В Византии взаимоотношения власти и церкви строились на принципе “симфонии”, сформулированном в VI в. в кодексе Юстиниана. Церковь и государство, священство (sacerdotium) и власть императора (impenum) рассматривались как две части единого организма. Император Иоанн Цимисхий говорил: “Я признаю две власти: священническую и императорскую. Творец вверил первой заботу о душе, а второй – попечение о людских телах. Пусть ни одна из властей не подвергается нападкам, дабы мир мог процветать”. Такова была теория, а практика ее нередко корректировала в сторону безусловного приоритета императорской власти. Например, один из византийских архиепископов XIII в. писал: “Император есть мерило в отношении церковной иерархии, законодатель для жизни и поведения священников, его ведению подлежат споры епископов и клириков и право замещения вакантных должностей”. Надо сказать, что эта древняя традиция идет от римского императора Константина Великого, сделавшего христианство государственной религией, созвавшего в 325 г. первый Вселенский церковный собор в Никее и постоянно вмешивавшегося в богословские споры и церковные дела (крещение он принял только накануне смерти). Недаром продолжавшуюся вплоть до XX в. эпоху в истории церкви, когда политическая власть осуществляла свои цели, опираясь на христианство как государственную религию, принято называть “константиновской”. Критики теократии говорят о “пленении” церкви государством, о том, что императоры приковали церковь к своей колеснице, что в итоге привело к религиозно-политическому диктату, к “христианским” гонениям против инакомыслящих. Благостная в теории, на практике идея “симфонии” государственной религии была попыткой “воцерковления” языческой по сути монархии, в основе своей противоречившей постулатам Нового Завета.
Русь вместе с православием восприяла от Византии и ее церковно-политические концепции. Каноническая норма “симфонии” священства и царства была представлена уже в Кормчей книге, то есть в сборнике церковного законодательства (по-гречески – Номоканон) XII в., а в 1551 г. включена в постановления Стоглавого собора (причем повторена в нем дважды). Греческое понятие “симфонии” в первом случае переведено как “совещание”, во втором – “согласие”, то есть гармоническое взаимодействие между государственной властью и церковной иерархией. Практика, как обычно, корректировала благие намерения.

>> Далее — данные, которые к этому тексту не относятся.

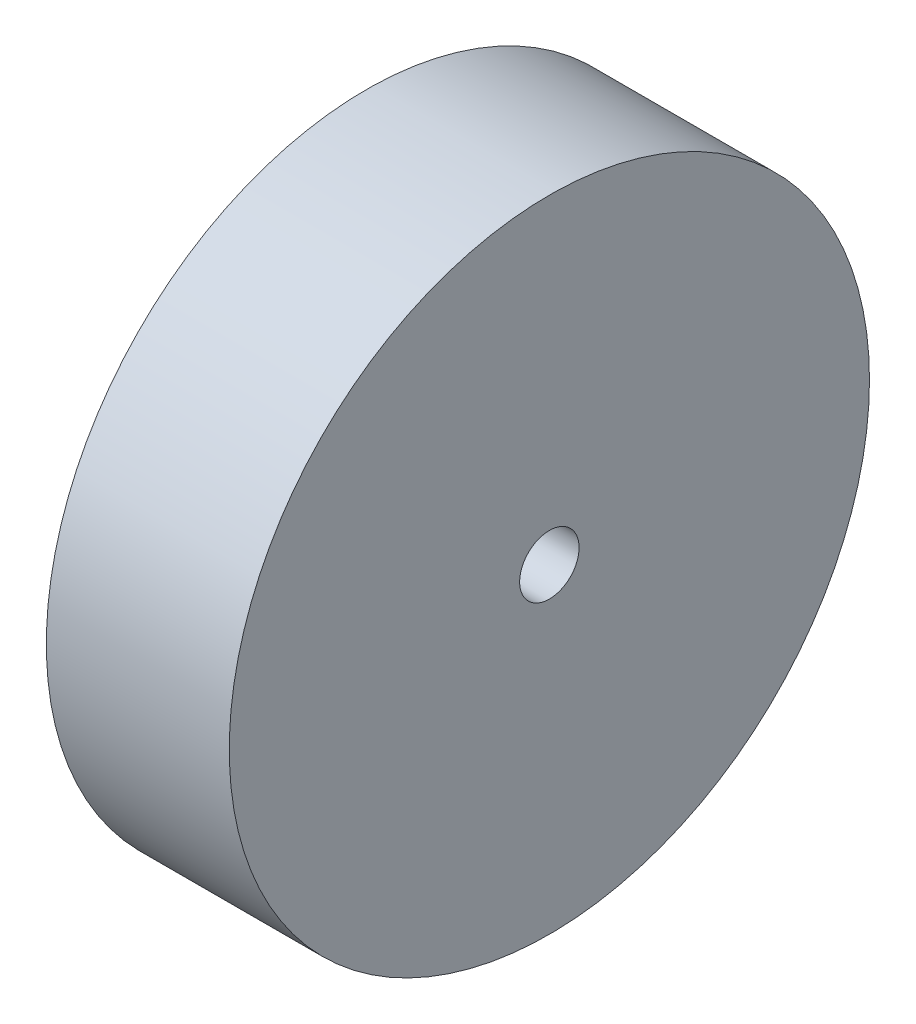
ISO-10303-21;
HEADER;
FILE_DESCRIPTION(('STEP AP214'),'2;1');
FILE_NAME('part.step','',(''),(''),'','','');
FILE_SCHEMA(('AUTOMOTIVE_DESIGN { 1 0 10303 214 1 1 1 1 }'));
ENDSEC;
DATA;
#1=APPLICATION_CONTEXT('core data for automotive mechanical design processes');
#2=APPLICATION_PROTOCOL_DEFINITION('international standard','automotive_design',2000,#1);
#3=PRODUCT_CONTEXT('',#1,'mechanical');
#4=PRODUCT('Part','Part','',(#3));
#5=PRODUCT_RELATED_PRODUCT_CATEGORY('part','',(#4));
#6=PRODUCT_DEFINITION_FORMATION('','',#4);
#7=PRODUCT_DEFINITION_CONTEXT('part definition',#1,'design');
#8=PRODUCT_DEFINITION('design','',#6,#7);
#9=PRODUCT_DEFINITION_SHAPE('','',#8);
#10=(LENGTH_UNIT() NAMED_UNIT(*) SI_UNIT(.MILLI.,.METRE.));
#11=(NAMED_UNIT(*) PLANE_ANGLE_UNIT() SI_UNIT($,.RADIAN.));
#12=(NAMED_UNIT(*) SI_UNIT($,.STERADIAN.) SOLID_ANGLE_UNIT());
#13=UNCERTAINTY_MEASURE_WITH_UNIT(LENGTH_MEASURE(1.E-05),#10,'distance_accuracy_value','');
#14=(GEOMETRIC_REPRESENTATION_CONTEXT(3) GLOBAL_UNCERTAINTY_ASSIGNED_CONTEXT((#13)) GLOBAL_UNIT_ASSIGNED_CONTEXT((#10,
#11,#12)) REPRESENTATION_CONTEXT('',''));
#15=CARTESIAN_POINT('',(0.,0.,0.));
#16=DIRECTION('',(0.,0.,1.));
#17=DIRECTION('',(1.,0.,0.));
#18=AXIS2_PLACEMENT_3D('',#15,#16,#17);
#19=CARTESIAN_POINT('',(96.6645059702907,49.9391207045371,20.0598973697158));
#20=DIRECTION('',(1.,0.,0.));
#21=DIRECTION('',(0.,0.,-1.));
#22=AXIS2_PLACEMENT_3D('',#19,#20,#21);
#23=CYLINDRICAL_SURFACE('',#22,35.);
#24=CARTESIAN_POINT('',(96.6645059702907,49.9391207045371,20.0598973697158));
#25=DIRECTION('',(1.,0.,0.));
#26=DIRECTION('',(0.,0.,-1.));
#27=AXIS2_PLACEMENT_3D('',#24,#25,#26);
#28=CIRCLE('',#27,35.);
#29=CARTESIAN_POINT('',(96.6645059702907,49.9391207045371,-14.9401026302842));
#30=VERTEX_POINT('',#29);
#31=EDGE_CURVE('E10',#30,#30,#28,.T.);
#32=ORIENTED_EDGE('',*,*,#31,.T.);
#33=EDGE_LOOP('',(#32));
#34=FACE_BOUND('',#33,.T.);
#35=CARTESIAN_POINT('',(116.664505970291,49.9391207045371,20.0598973697158));
#36=DIRECTION('',(1.,0.,0.));
#37=DIRECTION('',(0.,0.,-1.));
#38=AXIS2_PLACEMENT_3D('',#35,#36,#37);
#39=CIRCLE('',#38,35.);
#40=CARTESIAN_POINT('',(116.664505970291,49.9391207045371,-14.9401026302842));
#41=VERTEX_POINT('',#40);
#42=EDGE_CURVE('E41',#41,#41,#39,.T.);
#43=ORIENTED_EDGE('',*,*,#42,.F.);
#44=EDGE_LOOP('',(#43));
#45=FACE_BOUND('',#44,.T.);
#46=ADVANCED_FACE('F31',(#34,#45),#23,.T.);
#47=CARTESIAN_POINT('',(96.6645059702907,49.9391207045371,20.0598973697158));
#48=DIRECTION('',(1.,0.,0.));
#49=DIRECTION('',(0.,0.,-1.));
#50=AXIS2_PLACEMENT_3D('',#47,#48,#49);
#51=PLANE('',#50);
#52=CARTESIAN_POINT('',(96.6645059702907,49.9391207045371,20.0598973697158));
#53=DIRECTION('',(1.,0.,0.));
#54=DIRECTION('',(0.,0.,-1.));
#55=AXIS2_PLACEMENT_3D('',#52,#53,#54);
#56=CIRCLE('',#55,3.25);
#57=CARTESIAN_POINT('',(96.6645059702907,49.9391207045371,16.8098973697158));
#58=VERTEX_POINT('',#57);
#59=EDGE_CURVE('E37',#58,#58,#56,.T.);
#60=ORIENTED_EDGE('',*,*,#59,.T.);
#61=EDGE_LOOP('',(#60));
#62=FACE_BOUND('',#61,.T.);
#63=ORIENTED_EDGE('',*,*,#31,.F.);
#64=EDGE_LOOP('',(#63));
#65=FACE_BOUND('',#64,.T.);
#66=ADVANCED_FACE('F60',(#62,#65),#51,.F.);
#67=CARTESIAN_POINT('',(96.6645059702907,49.9391207045371,20.0598973697158));
#68=DIRECTION('',(1.,0.,0.));
#69=DIRECTION('',(0.,0.,-1.));
#70=AXIS2_PLACEMENT_3D('',#67,#68,#69);
#71=CYLINDRICAL_SURFACE('',#70,3.25);
#72=ORIENTED_EDGE('',*,*,#59,.F.);
#73=EDGE_LOOP('',(#72));
#74=FACE_BOUND('',#73,.T.);
#75=CARTESIAN_POINT('',(116.664505970291,49.9391207045371,20.0598973697158));
#76=DIRECTION('',(1.,0.,0.));
#77=DIRECTION('',(0.,0.,-1.));
#78=AXIS2_PLACEMENT_3D('',#75,#76,#77);
#79=CIRCLE('',#78,3.25);
#80=CARTESIAN_POINT('',(116.664505970291,49.9391207045371,16.8098973697158));
#81=VERTEX_POINT('',#80);
#82=EDGE_CURVE('E45',#81,#81,#79,.T.);
#83=ORIENTED_EDGE('',*,*,#82,.T.);
#84=EDGE_LOOP('',(#83));
#85=FACE_BOUND('',#84,.T.);
#86=ADVANCED_FACE('F51',(#74,#85),#71,.F.);
#87=CARTESIAN_POINT('',(116.664505970291,49.9391207045371,20.0598973697158));
#88=DIRECTION('',(1.,0.,0.));
#89=DIRECTION('',(0.,0.,-1.));
#90=AXIS2_PLACEMENT_3D('',#87,#88,#89);
#91=PLANE('',#90);
#92=ORIENTED_EDGE('',*,*,#42,.T.);
#93=EDGE_LOOP('',(#92));
#94=FACE_BOUND('',#93,.T.);
#95=ORIENTED_EDGE('',*,*,#82,.F.);
#96=EDGE_LOOP('',(#95));
#97=FACE_BOUND('',#96,.T.);
#98=ADVANCED_FACE('F53',(#94,#97),#91,.T.);
#99=CLOSED_SHELL('',(#46,#66,#86,#98));
#100=MANIFOLD_SOLID_BREP('B2',#99);
#101=ADVANCED_BREP_SHAPE_REPRESENTATION('',(#18,#100),#14);
#102=SHAPE_DEFINITION_REPRESENTATION(#9,#101);
ENDSEC;
END-ISO-10303-21;

В начале киевского христианства мы видим, может быть, лучший вариант такого взаимодействия. Владимир уделял большое внимание тому, что мы бы сейчас назвали социальными аспектами христианства (и с чем так плохо обстоит дело сегодня). Он не только основывал школы, но и раздавал пищу голодным, поддерживал немощных. В Киеве Х в. им была создана своеобразная система “социального обеспечения”. Его примеру пытались следовать другие князья. Владимир Мономах в своем знаменитом “Поучении” наставлял сыновей: “Всего же более сирых не забывайте, насколько можете, по силе кормите, подавайте, сироту и вдовицу защищайте сами и не давайте сильным погубить человека”. Владимир также глубоко воспринял христианские требования милосердия и, когда вводил в Киеве византийское право, настаивал на смягчении его наиболее жестоких черт (наказаний в виде смертной казни, пыток, увечья).
Основанный в XI в. Киево-Печерский монастырь в лице его знаменитых настоятелей преп. Антония, преп. Феодосия, многих монахов продолжал эту “социальную” линию. Все они воплощали идеалы “умаления”, служения ближним через помощь беднякам, наставление буйных князей, личную аскезу. Киево-Печерский патерик содержит, например, рассказ о “черноризце” (то есть монахе) Прохоре, который во время голода раздавал хлеб и соль, в то время как киевский князь солью, наоборот, спекулировал.